Of the records that follow, copy only the lines from the line containing "#88=LINE('',#87,#86);" to the line containing "#98=EDGE_CURVE('E257',#90,#73,#97,.T.);", both included, exactly as written.

--- START ---

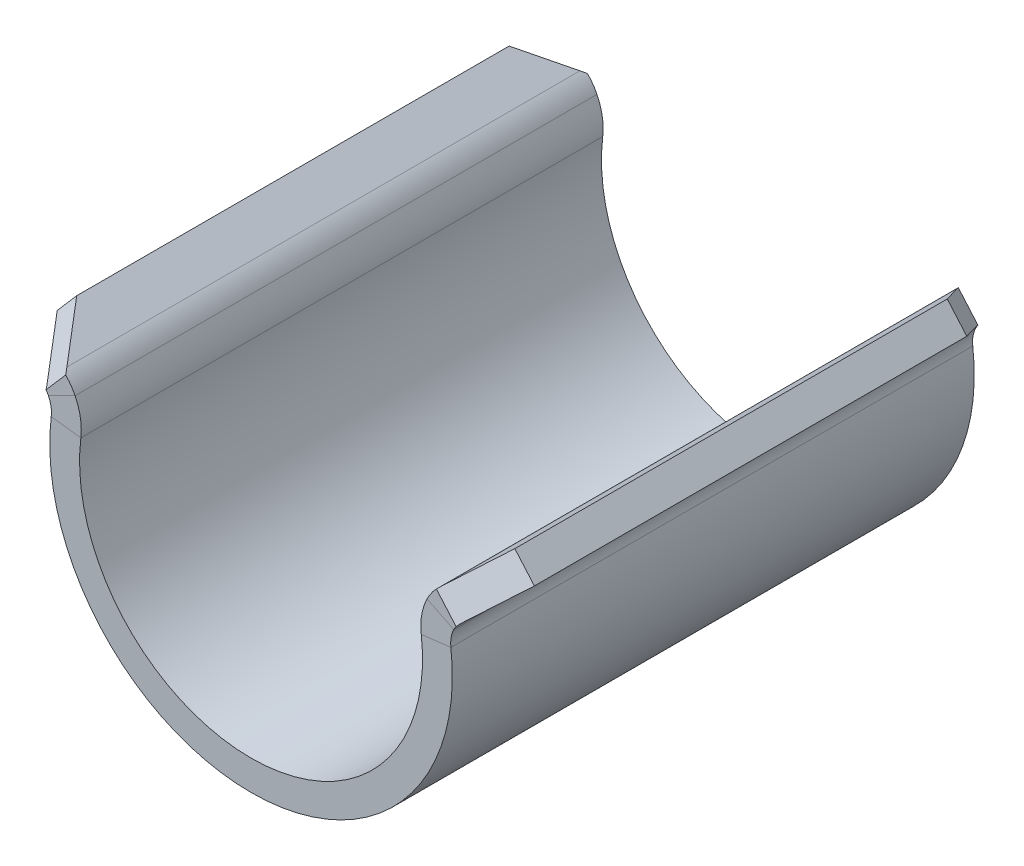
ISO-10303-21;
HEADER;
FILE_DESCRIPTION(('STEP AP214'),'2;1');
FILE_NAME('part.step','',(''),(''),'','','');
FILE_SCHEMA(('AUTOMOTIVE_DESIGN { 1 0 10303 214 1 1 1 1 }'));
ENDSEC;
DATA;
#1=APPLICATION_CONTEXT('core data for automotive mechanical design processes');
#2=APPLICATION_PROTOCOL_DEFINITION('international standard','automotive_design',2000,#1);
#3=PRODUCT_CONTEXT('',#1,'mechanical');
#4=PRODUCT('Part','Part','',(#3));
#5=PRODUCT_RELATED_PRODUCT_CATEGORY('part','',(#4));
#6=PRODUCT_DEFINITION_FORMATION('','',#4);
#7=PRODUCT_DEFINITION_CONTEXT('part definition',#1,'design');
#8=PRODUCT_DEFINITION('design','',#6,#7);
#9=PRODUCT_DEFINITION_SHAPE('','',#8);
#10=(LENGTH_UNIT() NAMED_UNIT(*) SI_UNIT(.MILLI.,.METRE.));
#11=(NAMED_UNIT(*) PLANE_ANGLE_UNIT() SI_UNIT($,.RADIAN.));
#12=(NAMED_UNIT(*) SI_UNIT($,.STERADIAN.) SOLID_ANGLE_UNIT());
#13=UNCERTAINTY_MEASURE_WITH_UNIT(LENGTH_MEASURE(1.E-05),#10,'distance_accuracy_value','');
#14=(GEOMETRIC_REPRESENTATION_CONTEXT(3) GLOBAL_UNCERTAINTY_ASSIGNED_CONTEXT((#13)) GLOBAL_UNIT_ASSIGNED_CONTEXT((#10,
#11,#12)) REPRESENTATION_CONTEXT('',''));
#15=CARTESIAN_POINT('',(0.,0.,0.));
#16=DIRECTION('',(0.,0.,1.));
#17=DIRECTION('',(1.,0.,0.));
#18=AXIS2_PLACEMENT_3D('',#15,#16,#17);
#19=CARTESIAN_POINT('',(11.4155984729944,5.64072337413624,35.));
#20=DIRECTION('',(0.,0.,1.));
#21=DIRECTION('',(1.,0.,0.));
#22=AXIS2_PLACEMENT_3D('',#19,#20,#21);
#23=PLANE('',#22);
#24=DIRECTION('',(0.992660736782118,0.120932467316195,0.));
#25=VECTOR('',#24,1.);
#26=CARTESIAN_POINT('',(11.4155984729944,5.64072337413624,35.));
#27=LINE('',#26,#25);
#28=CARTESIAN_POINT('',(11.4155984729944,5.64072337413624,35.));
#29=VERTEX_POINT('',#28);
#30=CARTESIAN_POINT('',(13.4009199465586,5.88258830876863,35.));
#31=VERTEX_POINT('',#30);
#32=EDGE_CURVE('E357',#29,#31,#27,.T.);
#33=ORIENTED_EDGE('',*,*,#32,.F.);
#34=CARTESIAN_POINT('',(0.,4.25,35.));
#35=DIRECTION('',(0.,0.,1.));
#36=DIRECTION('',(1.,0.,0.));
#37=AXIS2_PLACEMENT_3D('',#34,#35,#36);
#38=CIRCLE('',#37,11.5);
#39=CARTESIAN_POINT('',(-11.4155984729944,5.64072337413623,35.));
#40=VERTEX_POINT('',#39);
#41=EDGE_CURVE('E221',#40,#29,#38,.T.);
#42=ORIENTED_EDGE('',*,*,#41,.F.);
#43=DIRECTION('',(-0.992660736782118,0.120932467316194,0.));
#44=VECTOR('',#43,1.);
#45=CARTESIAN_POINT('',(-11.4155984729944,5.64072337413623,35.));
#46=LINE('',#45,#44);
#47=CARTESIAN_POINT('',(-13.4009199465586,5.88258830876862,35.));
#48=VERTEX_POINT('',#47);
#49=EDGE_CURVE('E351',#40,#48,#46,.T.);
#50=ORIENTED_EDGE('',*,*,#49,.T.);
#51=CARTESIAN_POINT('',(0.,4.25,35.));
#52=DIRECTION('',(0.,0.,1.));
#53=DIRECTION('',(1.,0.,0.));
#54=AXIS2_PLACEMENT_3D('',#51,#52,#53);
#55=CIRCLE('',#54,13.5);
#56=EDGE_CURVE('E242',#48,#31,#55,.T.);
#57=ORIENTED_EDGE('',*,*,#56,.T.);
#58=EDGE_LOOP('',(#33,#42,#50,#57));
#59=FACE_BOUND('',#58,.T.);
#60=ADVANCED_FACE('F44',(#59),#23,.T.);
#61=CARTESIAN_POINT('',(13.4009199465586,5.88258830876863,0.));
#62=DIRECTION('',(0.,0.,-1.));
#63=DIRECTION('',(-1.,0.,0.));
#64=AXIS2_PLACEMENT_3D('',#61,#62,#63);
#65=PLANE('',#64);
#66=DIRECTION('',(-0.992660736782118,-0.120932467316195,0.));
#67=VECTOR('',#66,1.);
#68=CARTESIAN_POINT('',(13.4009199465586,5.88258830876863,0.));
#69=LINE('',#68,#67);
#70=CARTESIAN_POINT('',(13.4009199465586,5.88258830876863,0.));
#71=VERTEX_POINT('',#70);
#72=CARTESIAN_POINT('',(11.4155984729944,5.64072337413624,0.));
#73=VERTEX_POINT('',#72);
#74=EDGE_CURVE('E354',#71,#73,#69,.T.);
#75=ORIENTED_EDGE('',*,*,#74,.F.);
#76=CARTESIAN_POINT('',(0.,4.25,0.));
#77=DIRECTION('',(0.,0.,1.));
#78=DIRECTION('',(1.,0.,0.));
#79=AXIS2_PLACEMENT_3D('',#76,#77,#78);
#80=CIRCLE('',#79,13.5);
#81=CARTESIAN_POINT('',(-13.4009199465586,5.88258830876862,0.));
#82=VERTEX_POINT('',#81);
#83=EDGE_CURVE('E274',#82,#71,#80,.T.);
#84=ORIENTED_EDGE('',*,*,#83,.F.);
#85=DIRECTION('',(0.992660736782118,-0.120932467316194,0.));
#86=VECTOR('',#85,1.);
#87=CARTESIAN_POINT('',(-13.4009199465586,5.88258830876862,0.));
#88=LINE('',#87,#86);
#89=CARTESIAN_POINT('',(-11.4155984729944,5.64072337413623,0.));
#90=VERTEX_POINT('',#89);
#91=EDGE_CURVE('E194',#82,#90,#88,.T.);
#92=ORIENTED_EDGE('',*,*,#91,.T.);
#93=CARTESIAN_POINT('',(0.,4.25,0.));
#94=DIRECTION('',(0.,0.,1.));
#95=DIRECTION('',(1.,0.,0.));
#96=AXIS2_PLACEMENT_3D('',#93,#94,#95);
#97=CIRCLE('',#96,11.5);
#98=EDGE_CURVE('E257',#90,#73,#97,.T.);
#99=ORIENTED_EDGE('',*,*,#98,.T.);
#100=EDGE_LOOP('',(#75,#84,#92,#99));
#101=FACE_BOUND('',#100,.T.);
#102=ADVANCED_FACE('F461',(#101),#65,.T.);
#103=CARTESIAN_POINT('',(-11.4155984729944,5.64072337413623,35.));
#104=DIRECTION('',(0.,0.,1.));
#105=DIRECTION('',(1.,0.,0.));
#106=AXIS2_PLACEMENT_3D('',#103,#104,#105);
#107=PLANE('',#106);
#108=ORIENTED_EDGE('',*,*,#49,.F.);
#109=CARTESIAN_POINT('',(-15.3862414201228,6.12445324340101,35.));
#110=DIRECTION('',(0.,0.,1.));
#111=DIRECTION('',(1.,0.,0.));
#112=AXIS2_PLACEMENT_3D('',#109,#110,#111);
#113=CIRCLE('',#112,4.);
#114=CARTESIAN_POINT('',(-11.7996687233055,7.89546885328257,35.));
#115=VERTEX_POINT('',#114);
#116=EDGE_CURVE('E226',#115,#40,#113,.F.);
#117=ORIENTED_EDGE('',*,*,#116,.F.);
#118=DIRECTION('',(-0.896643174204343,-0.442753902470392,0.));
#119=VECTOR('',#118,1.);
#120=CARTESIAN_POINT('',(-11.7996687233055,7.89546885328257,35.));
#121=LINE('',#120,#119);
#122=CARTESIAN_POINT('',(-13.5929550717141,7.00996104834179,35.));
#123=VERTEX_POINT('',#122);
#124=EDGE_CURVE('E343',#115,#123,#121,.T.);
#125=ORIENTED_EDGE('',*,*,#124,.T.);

--- END ---

### SOLUTION TO THE PROBLEM:
#88=LINE('',#87,#86);
#89=CARTESIAN_POINT('',(-11.4155984729944,5.64072337413623,0.));
#90=VERTEX_POINT('',#89);
#91=EDGE_CURVE('E194',#82,#90,#88,.T.);
#92=ORIENTED_EDGE('',*,*,#91,.T.);
#93=CARTESIAN_POINT('',(0.,4.25,0.));
#94=DIRECTION('',(0.,0.,1.));
#95=DIRECTION('',(1.,0.,0.));
#96=AXIS2_PLACEMENT_3D('',#93,#94,#95);
#97=CIRCLE('',#96,11.5);
#98=EDGE_CURVE('E257',#90,#73,#97,.T.);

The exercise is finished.